Some think that the granting of monetary policy (and therefore monetary dominance) to an unelected body equates to a theft of democracy. Others see the contested arrangement as preferable to 'leaving the cream bowl in the care of the cat'—even when that cat has democratic legitimacy, to borrow the phrase attributed to the economist Friedrich Hayek.

On his own, Warsh cannot to alter monetary policy as radically as he might like. He is first among equals on the Federal Open Market Committee, whose approval is required for any such change. His adoption of an accommodative policy is likely to meet resistance from other members. If, on assuming the chair, he was to call for a big cut in interest rates to stimulate growth and protect jobs, he may lose the support of members who prefer to keep rates where they are to avoid fuelling further inflation.

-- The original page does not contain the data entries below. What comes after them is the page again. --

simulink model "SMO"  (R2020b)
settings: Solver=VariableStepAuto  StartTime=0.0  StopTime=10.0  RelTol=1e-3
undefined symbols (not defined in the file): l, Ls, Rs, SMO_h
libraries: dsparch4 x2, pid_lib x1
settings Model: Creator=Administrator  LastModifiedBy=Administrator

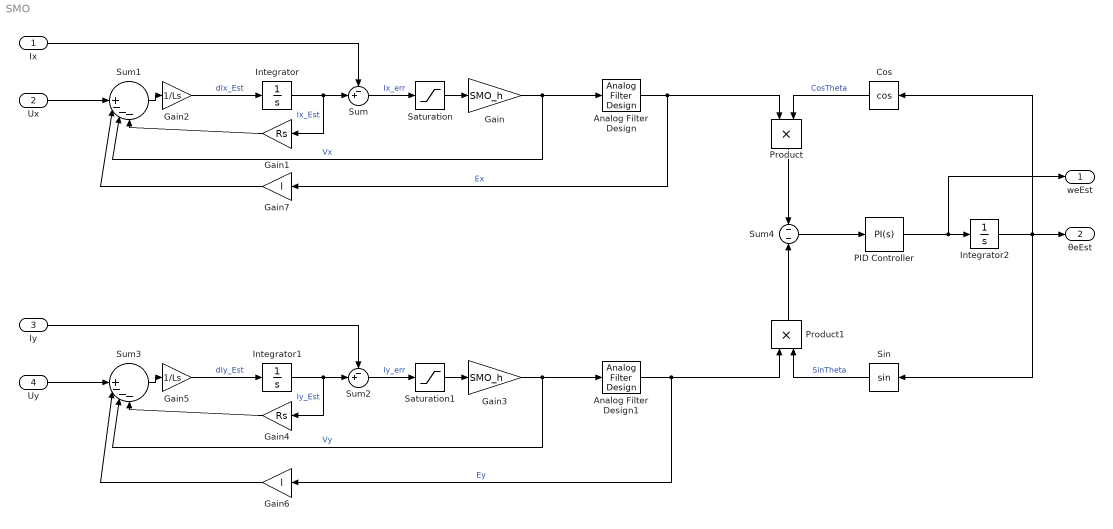
== system SMO ==
  Ix : Inport
  Ux : Inport  Port=2
  Iy : Inport  Port=3
  Uy : Inport  Port=4
  Analog Filter Design : dsparch4/Analog Filter Design  method=Butterworth  filttype=Lowpass  N=1  Wlo=2000*2*pi()  Whi=80  Rp=2  Rs=40
  Analog Filter Design1 : dsparch4/Analog Filter Design  method=Butterworth  filttype=Lowpass  N=1  Wlo=2000*2*pi()  Whi=80  Rp=2  Rs=40
  Cos : Trigonometry  Operator=cos
  Gain : Gain  Gain=SMO_h
  Gain1 : Gain  Gain=Rs
  Gain2 : Gain  Gain=1/Ls
  Gain3 : Gain  Gain=SMO_h
  Gain4 : Gain  Gain=Rs
  Gain5 : Gain  Gain=1/Ls
  Gain6 : Gain  Gain=l
  Gain7 : Gain  Gain=l
  Integrator : Integrator
  Integrator1 : Integrator
  Integrator2 : Integrator
  PID Controller : pid_lib/PID Controller  Controller=PI  Form=Parallel  TimeDomain=Continuous-time  UseExternalTs=off  SampleTime=-1  IntegratorMethod=Forward Euler  FilterMethod=Forward Euler  ControllerParametersSource=internal  P=1  I=1  D=0  UseFilter=on  N=100  TunerSelectOption=Transfer Function Based (PID Tuner App)  InitialConditionSource=internal  InitialConditionForIntegrator=0  InitialConditionForFilter=0  DifferentiatorICPrevScaledInput=0  ExternalReset=none  TrackingMode=off  Kt=1  LimitOutput=off  SatLimitsSource=internal  UpperSaturationLimit=inf  LowerSaturationLimit=-inf  LinearizeAsGain=on  AntiWindupMode=none  Kb=1  POutMin=[]  POutMax=[]  IOutMin=[]  IOutMax=[]  DOutMin=[]  DOutMax=[]  NOutMin=[]  NOutMax=[]  SumOutMin=[]  SumOutMax=[]  SaturationOutMin=[]  SaturationOutMax=[]  PParamMin=[]  PParamMax=[]  IParamMin=[]  IParamMax=[]  DParamMin=[]  DParamMax=[]  NParamMin=[]  NParamMax=[]  KbParamMin=[]  KbParamMax=[]  KtParamMin=[]  KtParamMax=[]  KbOutMin=[]  KbOutMax=[]  KtOutMin=[]  KtOutMax=[]  IntegratorOutMin=[]  IntegratorOutMax=[]  FilterOutMin=[]  FilterOutMax=[]  SumI1OutMin=[]  SumI1OutMax=[]  SumI2OutMin=[]  SumI2OutMax=[]  SumI3OutMin=[]  SumI3OutMax=[]  SumI4OutMin=[]  SumI4OutMax=[]  SumDOutMin=[]  SumDOutMax=[]  DifferentiatorOutMin=[]  DifferentiatorOutMax=[]  FilterDiffOutCoefMin=[]  FilterDiffOutCoefMax=[]  ReciprocalOutMin=[]  ReciprocalOutMax=[]  SumDenOutMin=[]  SumDenOutMax=[]  SumNumOutMin=[]  SumNumOutMax=[]  DivideOutMin=[]  DivideOutMax=[]  UdiffTsProdOutMin=[]  UdiffTsProdOutMax=[]  NTsProdOutMin=[]  NTsProdOutMax=[]  UintegralTsProdOutMin=[]  UintegralTsProdOutMax=[]  UngainTsProdOutMin=[]  UngainTsProdOutMax=[]  IntegratorContinuousStateAttributes=''  IntegratorStateMustResolveToSignalObject=off  IntegratorRTWStateStorageClass=Auto  FilterContinuousStateAttributes=''  FilterStateMustResolveToSignalObject=off  FilterRTWStateStorageClass=Auto  ParallelPVariant=InternalParameters  IdealPVariant=Disabled  IVariant=InternalParameters  DVariant=Disabled  IntegratorVariant=Continuous  SatVariant=Disabled  AWVariant=Passthrough  PCopyVariant=Disabled  TRVariant=Disabled  FdbkBlocksVariant=Forward  IdealPFdbkVariant=Disabled  SatFdbkVariant=Disabled  DerivativeFilterVariant=Disabled  NVariant=Disabled  NCopyVariant=Disabled_SignalSpec  FilterICVariant=Disabled  IntegratorICVariant=InternalICs  ExternalResetVariant=Disabled  TRSumVariant=Passthrough  SumFdbkVariant=Disabled  SumVariant=Sum_PI  TsampFilterVariant=InternalTs  TsampNgainVariant=Passthrough  TsampIntegralVariant=Passthrough  ExternalSaturationOutDataTypeStr=Inherit: Same as second input
  Product : Product
  Product1 : Product
  Saturation : Saturate
  Saturation1 : Saturate
  Sin : Trigonometry
  Sum : Sum  Inputs=-+|
  Sum1 : Sum  Inputs=|||+---
  Sum2 : Sum  Inputs=-+|
  Sum3 : Sum  Inputs=|||+---
  Sum4 : Sum  Inputs=-|-
  weEst : Outport
  θeEst : Outport  Port=2
  wires:
  Sum/1 -> Saturation/1  "Ix_err"
  Saturation/1 -> Gain/1
  Gain/1 -> Sum1/3, Analog Filter Design/1  "Vx"
  Integrator/1 -> Gain1/1, Sum/2  "Ix_Est"
  Sum1/1 -> Gain2/1
  Gain1/1 -> Sum1/4
  Gain2/1 -> Integrator/1  "dIx_Est"
  Analog Filter Design/1 -> Gain7/1, Product/1  "Ex"
  Ix/1 -> Sum/1
  Ux/1 -> Sum1/1
  Gain4/1 -> Sum3/4
  Sum3/1 -> Gain5/1
  Analog Filter Design1/1 -> Gain6/1, Product1/1  "Ey"
  Uy/1 -> Sum3/1
  Gain5/1 -> Integrator1/1  "dIy_Est"
  Iy/1 -> Sum2/1
  Sum2/1 -> Saturation1/1  "Iy_err"
  Integrator1/1 -> Gain4/1, Sum2/2  "Iy_Est"
  Gain3/1 -> Sum3/3, Analog Filter Design1/1  "Vy"
  Saturation1/1 -> Gain3/1
  Sin/1 -> Product1/2  "SinTheta"
  Cos/1 -> Product/2  "CosTheta"
  Product/1 -> Sum4/1
  Product1/1 -> Sum4/2
  Sum4/1 -> PID Controller/1
  PID Controller/1 -> weEst/1, Integrator2/1
  Integrator2/1 -> θeEst/1, Sin/1, Cos/1
  Gain6/1 -> Sum3/2
  Gain7/1 -> Sum1/2

It is unclear whether Warsh could get consensus for his ambition to make a substantial reduction in the Fed's balance sheet

Conditions have deteriorated markedly since the Middle East crisis, with inflation reaching 3.3% in March, its highest level in two years and well beyond the Fed's 2% target. It is also unclear whether Warsh could get consensus for his ambition to make a substantial reduction in the Fed's balance sheet. Given the recent strains in bond markets, prudence would argue for moving more slowly.

Sombre warning

Finally, Warsh will urgently need to devise credible plans to confront the weakness and stagnation now taking hold in the credit sector, a situation that JPMorgan chairman Jamie Dimon has sombrely warned is "much worse than some people imagine".

It is not certain that Warsh will follow Trump's preferred course of cutting interest rates, on which basis he was nominated. Warsh's restrictive instincts may kick in, prioritising the prevention of runaway inflation over jobs in times of crisis. If inflation remains close to 3%, appeasing Trump will become secondary.